# 인격 침해



## Flooooooooor

Hi all,

From the Wikipedia definition of copyright infringement:

저작권 침해는 저작권자의 허락 없이 저작물을 이용하거나 저작자의 *인격을 침해하는* 방법으로 저작물을 이용하는 것이다.​
From this article about recent steps taken by tech companies to mitigate the harm done by cruel comments on the internet:

카카오 관계자는 이번 조치만으로는 악플 문제를 근본적으로 해결할 수 없다면서 온라인에서 누군가의 *인격이 침해되는* 일이 없도록 또 다른 대책도 마련할 계획이고, 이용자들도 뜻을 같이해주길 바란다고 강조했습니다.​
This is strange to me. Until now, I have seen *인격* used to refer to someone's personality or character, which when used as an object can have things done to it such as being evaluated, praised, criticized, selected for, defamed, respected, built, honed, and so on. Meanwhile, the verb *침해하다* I have understood until now to refer to violating and invading, as in what can be done to someone's rights, privacy, or freedom. Given these two word senses, the verb-object pair seems a little odd to me -- what would it mean to "violate" someone's "character"? -- and I cannot put my finger on exactly what is being expressed here. My closest guess is that this has something to do with defamation or damaging someone's character as it is perceived by others -- but then again, why use *침해하다*, which to me conjures a sense of crossing some physical/legal/moral boundary and "violating", instead of a word like *모독하다*? Or is this simply an expression that means "causes harm to someone" but breaks down when you look at its constituent parts to derive a meaning?

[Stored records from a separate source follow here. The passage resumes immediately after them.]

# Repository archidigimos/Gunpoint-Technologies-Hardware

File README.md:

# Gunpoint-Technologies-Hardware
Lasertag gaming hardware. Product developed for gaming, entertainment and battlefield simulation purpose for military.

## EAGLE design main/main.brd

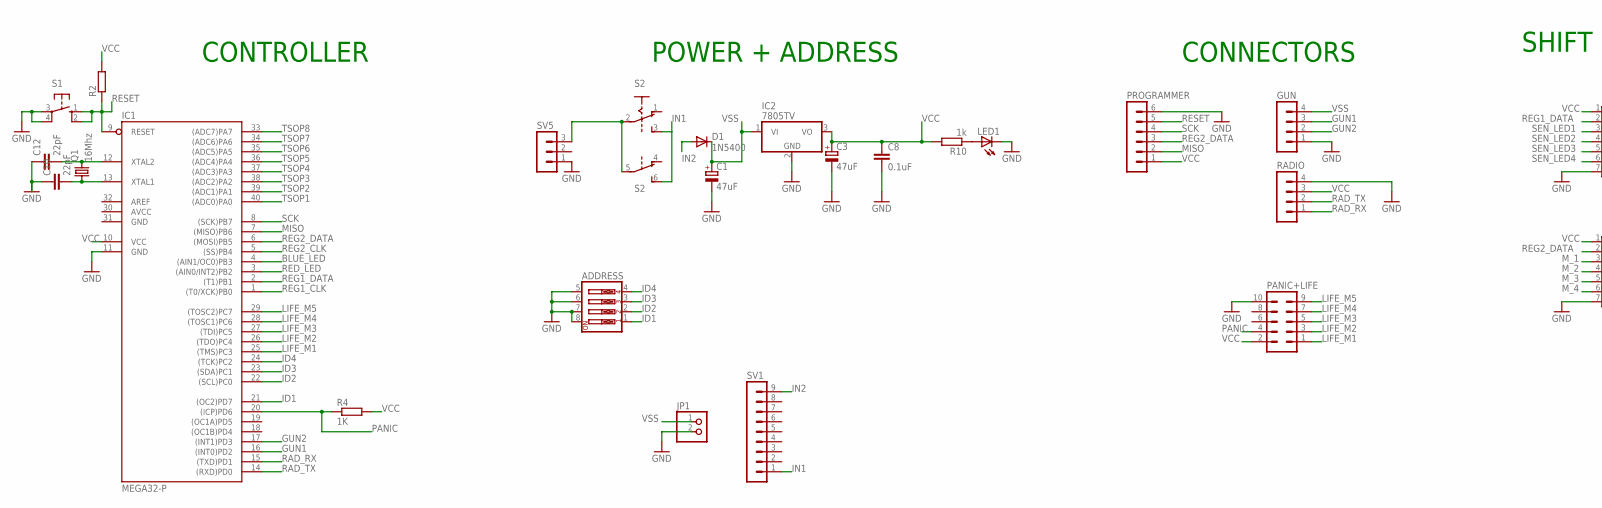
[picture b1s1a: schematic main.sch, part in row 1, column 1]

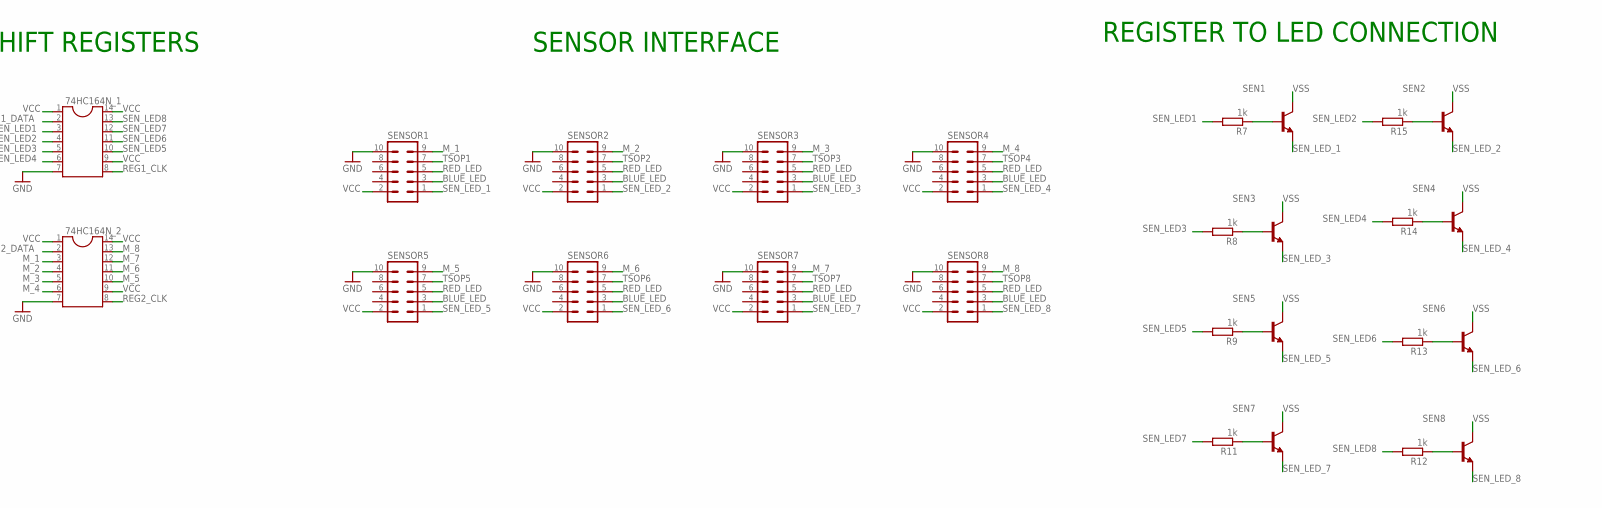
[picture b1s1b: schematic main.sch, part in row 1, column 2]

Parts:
74HC164N_1, 74HC164N_2: DIL14
ADDRESS: SW_DIP-4; EDG-04
C1, C3: 47uF; E2,5-6
C8: 0.1uF; C025-025X050
C10, C12: 22pF; C025-025X050
D1: 1N5400; DO201-15
GUN: MA04-1
IC1: MEGA32-P; DIL40
IC2: 7805TV; TO220V
JP1: PINHD-1X2; 1X02
LED1: LED5MM
PANIC+LIFE: ML10
PROGRAMMER: MA06-1
Q1: 16Mhz; HC49U70
R2: R-EU_0207/10; 0207/10
R4: 1K; 0207/10
R7, R8, R9, R10, R11, R12, R13, R14, R15: 1k; 0207/10
RADIO: MA04-1
S1: 10-XX; B3F-10XX
S2: A68-A31
SEN1, SEN2, SEN3, SEN4, SEN5, SEN6, SEN7, SEN8: BC547; TO92
SENSOR1, SENSOR2, SENSOR3, SENSOR4, SENSOR5, SENSOR6, SENSOR7, SENSOR8: ML10
SV1: MA09-1
SV5: MA03-1

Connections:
AVCC: IC1.30 (AVCC)
BLUE_LED: IC1.4 ((AIN1/OC0)PB3), SENSOR1.3, SENSOR2.3, SENSOR3.3, SENSOR4.3, SENSOR5.3, SENSOR6.3, SENSOR7.3, SENSOR8.3
GND: 74HC164N_1.7, 74HC164N_2.7, ADDRESS.5, ADDRESS.6, ADDRESS.7, ADDRESS.8, C1.-, C3.-, C8.2, C10.1, C12.1, GUN.1, IC1.11 (GND), IC1.31 (GND), IC2.2 (GND), JP1.2, LED1.K (C), PANIC+LIFE.10, PROGRAMMER.6, RADIO.4, S1.3, S1.4 (P1), SENSOR1.10, SENSOR2.10, SENSOR3.10, SENSOR4.10, SENSOR5.10, SENSOR6.10, SENSOR7.10, SENSOR8.10, SV5.1
GUN1: GUN.3, IC1.16 ((INT0)PD2)
GUN2: GUN.2, IC1.17 ((INT1)PD3)
ID1: ADDRESS.1, IC1.21 ((OC2)PD7)
ID2: ADDRESS.2, IC1.22 ((SCL)PC0)
ID3: ADDRESS.3, IC1.23 ((SDA)PC1)
ID4: ADDRESS.4, IC1.24 ((TCK)PC2)
IN1: S2.3 (S), S2.6 (S), SV1.1
IN2: D1.A, SV1.9
LIFE_M1: IC1.25 ((TMS)PC3), PANIC+LIFE.1
LIFE_M2: IC1.26 ((TDO)PC4), PANIC+LIFE.3
LIFE_M3: IC1.27 ((TDI)PC5), PANIC+LIFE.5
LIFE_M4: IC1.28 ((TOSC1)PC6), PANIC+LIFE.7
LIFE_M5: IC1.29 ((TOSC2)PC7), PANIC+LIFE.9
MISO: IC1.7 ((MISO)PB6), PROGRAMMER.2
M_1: 74HC164N_2.3, SENSOR1.9
M_2: 74HC164N_2.4, SENSOR2.9
M_3: 74HC164N_2.5, SENSOR3.9
M_4: 74HC164N_2.6, SENSOR4.9
M_5: 74HC164N_2.10, SENSOR5.9
M_6: 74HC164N_2.11, SENSOR6.9
M_7: 74HC164N_2.12, SENSOR7.9
M_8: 74HC164N_2.13, SENSOR8.9
unnamed: C12.2, IC1.12 (XTAL2), Q1.2
unnamed: C10.2, IC1.13 (XTAL1), Q1.1
unnamed: LED1.A, R10.1
unnamed: R7.1, SEN1.2 (B)
unnamed: R15.1, SEN2.2 (B)
unnamed: S2.2, S2.5, SV5.3
unnamed: R8.1, SEN3.2 (B)
unnamed: R14.1, SEN4.2 (B)
unnamed: R9.1, SEN5.2 (B)
unnamed: R13.1, SEN6.2 (B)
unnamed: R11.1, SEN7.2 (B)
unnamed: R12.1, SEN8.2 (B)
PANIC: IC1.20 ((ICP)PD6), PANIC+LIFE.4, R4.1
RAD_RX: IC1.15 ((TXD)PD1), RADIO.1
RAD_TX: IC1.14 ((RXD)PD0), RADIO.2
RED_LED: IC1.3 ((AIN0/INT2)PB2), SENSOR1.5, SENSOR2.5, SENSOR3.5, SENSOR4.5, SENSOR5.5, SENSOR6.5, SENSOR7.5, SENSOR8.5
REG1_CLK: 74HC164N_1.8, IC1.1 ((T0/XCK)PB0)
REG1_DATA: 74HC164N_1.2, IC1.2 ((T1)PB1)
REG2_CLK: 74HC164N_2.8, IC1.5 ((SS)PB4)
REG2_DATA: 74HC164N_2.2, IC1.6 ((MOSI)PB5), PROGRAMMER.3
RESET: IC1.9 (RESET), PROGRAMMER.5, R2.1, S1.1 (S), S1.2 (S1)
SCK: IC1.8 ((SCK)PB7), PROGRAMMER.4
SEN_LED1: 74HC164N_1.3, R7.2
SEN_LED2: 74HC164N_1.4, R15.2
SEN_LED3: 74HC164N_1.5, R8.2
SEN_LED4: 74HC164N_1.6, R14.2
SEN_LED5: 74HC164N_1.10, R9.2
SEN_LED6: 74HC164N_1.11, R13.2
SEN_LED7: 74HC164N_1.12, R11.2
SEN_LED8: 74HC164N_1.13, R12.2
SEN_LED_1: SEN1.1 (E), SENSOR1.1
SEN_LED_2: SEN2.1 (E), SENSOR2.1
SEN_LED_3: SEN3.1 (E), SENSOR3.1
SEN_LED_4: SEN4.1 (E), SENSOR4.1
SEN_LED_5: SEN5.1 (E), SENSOR5.1
SEN_LED_6: SEN6.1 (E), SENSOR6.1
SEN_LED_7: SEN7.1 (E), SENSOR7.1
SEN_LED_8: SEN8.1 (E), SENSOR8.1
TSOP1: IC1.40 ((ADC0)PA0), SENSOR1.7
TSOP2: IC1.39 ((ADC1)PA1), SENSOR2.7
TSOP3: IC1.38 ((ADC2)PA2), SENSOR3.7
TSOP4: IC1.37 ((ADC3)PA3), SENSOR4.7
TSOP5: IC1.36 ((ADC4)PA4), SENSOR5.7
TSOP6: IC1.35 ((ADC5)PA5), SENSOR6.7
TSOP7: IC1.34 ((ADC6)PA6), SENSOR7.7
TSOP8: IC1.33 ((ADC7)PA7), SENSOR8.7
VCC: 74HC164N_1.1, 74HC164N_1.9, 74HC164N_1.14, 74HC164N_2.1, 74HC164N_2.9, 74HC164N_2.14, C3.+, C8.1, IC1.10 (VCC), IC2.3 (VO), PANIC+LIFE.2, PROGRAMMER.1, R2.2, R4.2, R10.2, RADIO.3, SENSOR1.2, SENSOR2.2, SENSOR3.2, SENSOR4.2, SENSOR5.2, SENSOR6.2, SENSOR7.2, SENSOR8.2
VSS: C1.+, D1.C, GUN.4, IC2.1 (VI), JP1.1, SEN1.3 (C), SEN2.3 (C), SEN3.3 (C), SEN4.3 (C), SEN5.3 (C), SEN6.3 (C), SEN7.3 (C), SEN8.3 (C)

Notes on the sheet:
CONTROLLER
POWER + ADDRESS
CONNECTORS
SHIFT REGISTERS
SENSOR INTERFACE
REGISTER TO LED CONNECTION

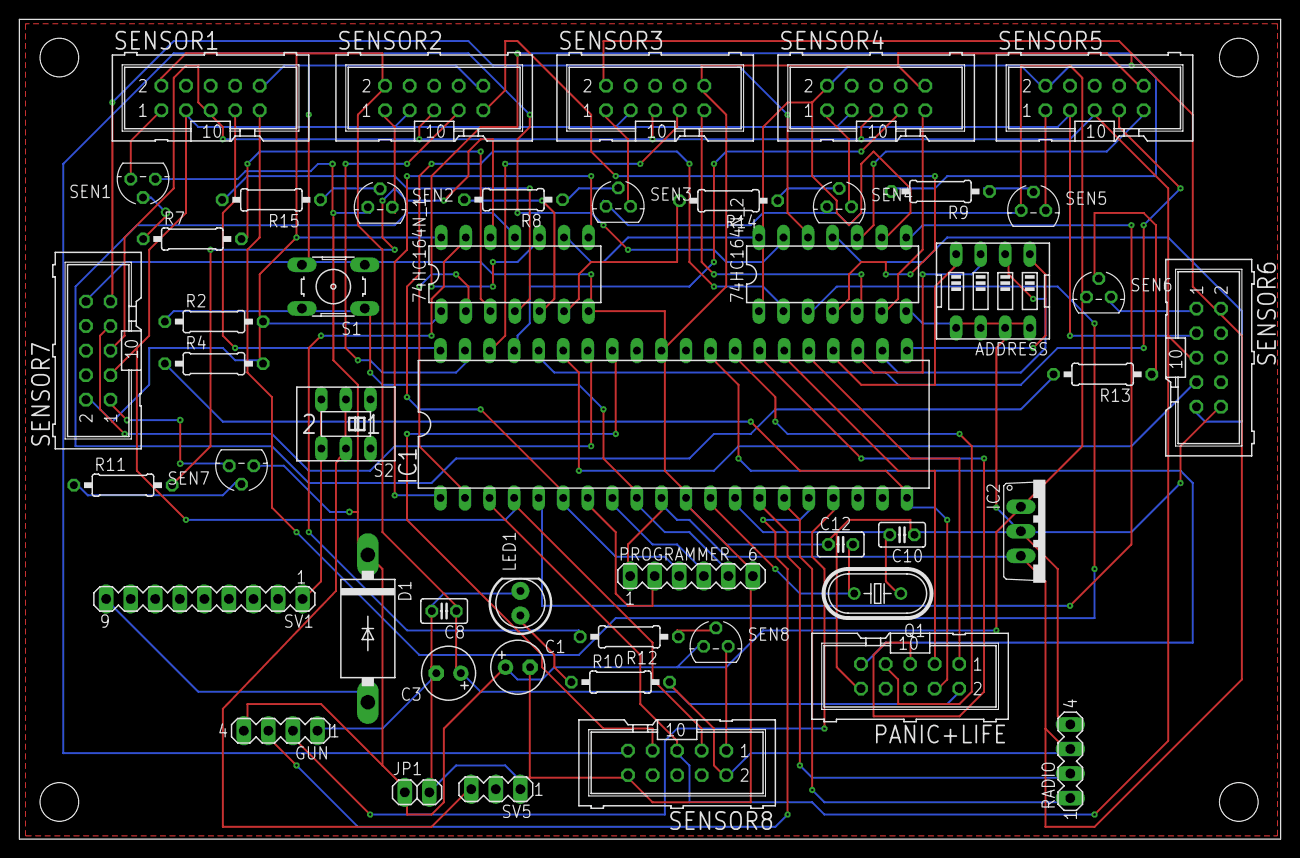
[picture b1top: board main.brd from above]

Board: 2 copper layers, 130.5 x 84.8 mm, 49 parts (0 on the bottom side), 72 nets.

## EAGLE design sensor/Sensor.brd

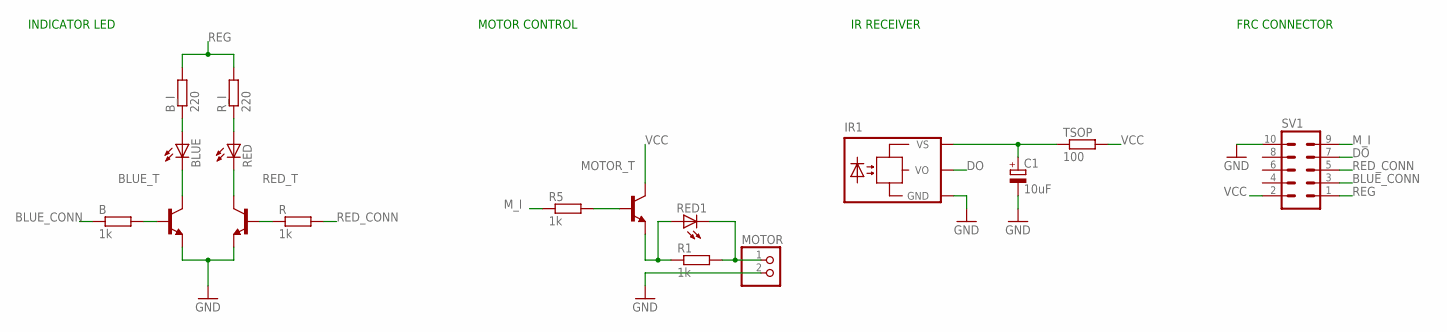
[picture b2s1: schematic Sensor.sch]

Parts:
B: 1k; 0207/12
BLUE: LED5MM
BLUE_T: BC547; TO92
B_I: 220; 0207/12
C1: 10uF; E2,5-6
IR1: TSOP1730TB1; TSOP17_TB1
MOTOR: PINHD-1X2; 1X02
MOTOR_T: BC547; TO92
R, R1, R5: 1k; 0207/12
RED: LED5MM
RED1: LEDSMT1206; 1206
RED_T: BC547; TO92
R_I: 220; 0207/12
SV1: ML10
TSOP: 100; 0207/12

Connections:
BLUE_CONN: B.1, SV1.3
DO: IR1.VO, SV1.7
GND: BLUE_T.1 (E), C1.-, IR1.GND, MOTOR.2, RED_T.1 (E), SV1.10
M_I: R5.1, SV1.9
unnamed: BLUE.A, B_I.1
unnamed: C1.+, IR1.VS, TSOP.1
unnamed: BLUE.K (C), BLUE_T.3 (C)
unnamed: RED.K (C), RED_T.3 (C)
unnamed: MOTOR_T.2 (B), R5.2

Thank you for any help on this.
​


----------



## Taehun

Hi Floooooooor.

I think you pointed rightly that '침해하다' has legal or moral senses, and I think the very this fact explains why '인격' can be said with '침해' or '침해하다'. Because in some cases '인격' can be put in legal contexts like your quotations. Following is one of the explanations from dictionary.

[법률] 권리 능력이 있고, 법률상 독자적 가치가 인정되는 자격
'권리 능력' means the legal qualifications to be the subject of *rights*

So in some cases '인격' has something to do with the matter of rights(especially rights of someone's personality)

But as a korean speaker, I can say that we do use more the words '인권 침해', '인격 모독'.
(* I confess that the word '인격침해' seemed strange for me at first. So your question is also mine)
but I guess, because the former(인권 침해) seems to have much broader meaning than '인격 침해' by covering other issues than personality, and the latter(인격 모독) could be used even in normal (not legal) cases, the word '인격 침해' was coined. (*just guess) 

Anyway your understandings about the words '침해하다', '인격', '모독하다' are very correct and I think even many native koreans might have a similar question or strange feelings about the word '인격 침해'. 

Lastly I just wanna let you know that though '인격 침해' are used to refer some legal cases, in fact it is not a technical term used in law codes. We use '명예훼손죄' and '모욕죄', whose words-formaiton might not, I hope, go across your understandings.

Good luck!


----------



## lkjhg811

There is no English word whose meaning is exactly the same as that of a Korean one.
The word "인격" doesn't mean exactly "character".



> which to me conjures a sense of crossing some physical/legal/moral boundary and "violating",


Yes, I agree.


> is this simply an expression that means "causes harm to someone"


Yes, I agree.


> breaks down when you look at its constituent parts to derive a meaning?


I'd say not


----------



## Flooooooooor

Thank you Taehun and lkjhg911 for your thoughts! I think I have a better sense of the usage of this phrase and will keep an eye out for more usages in the future.


----------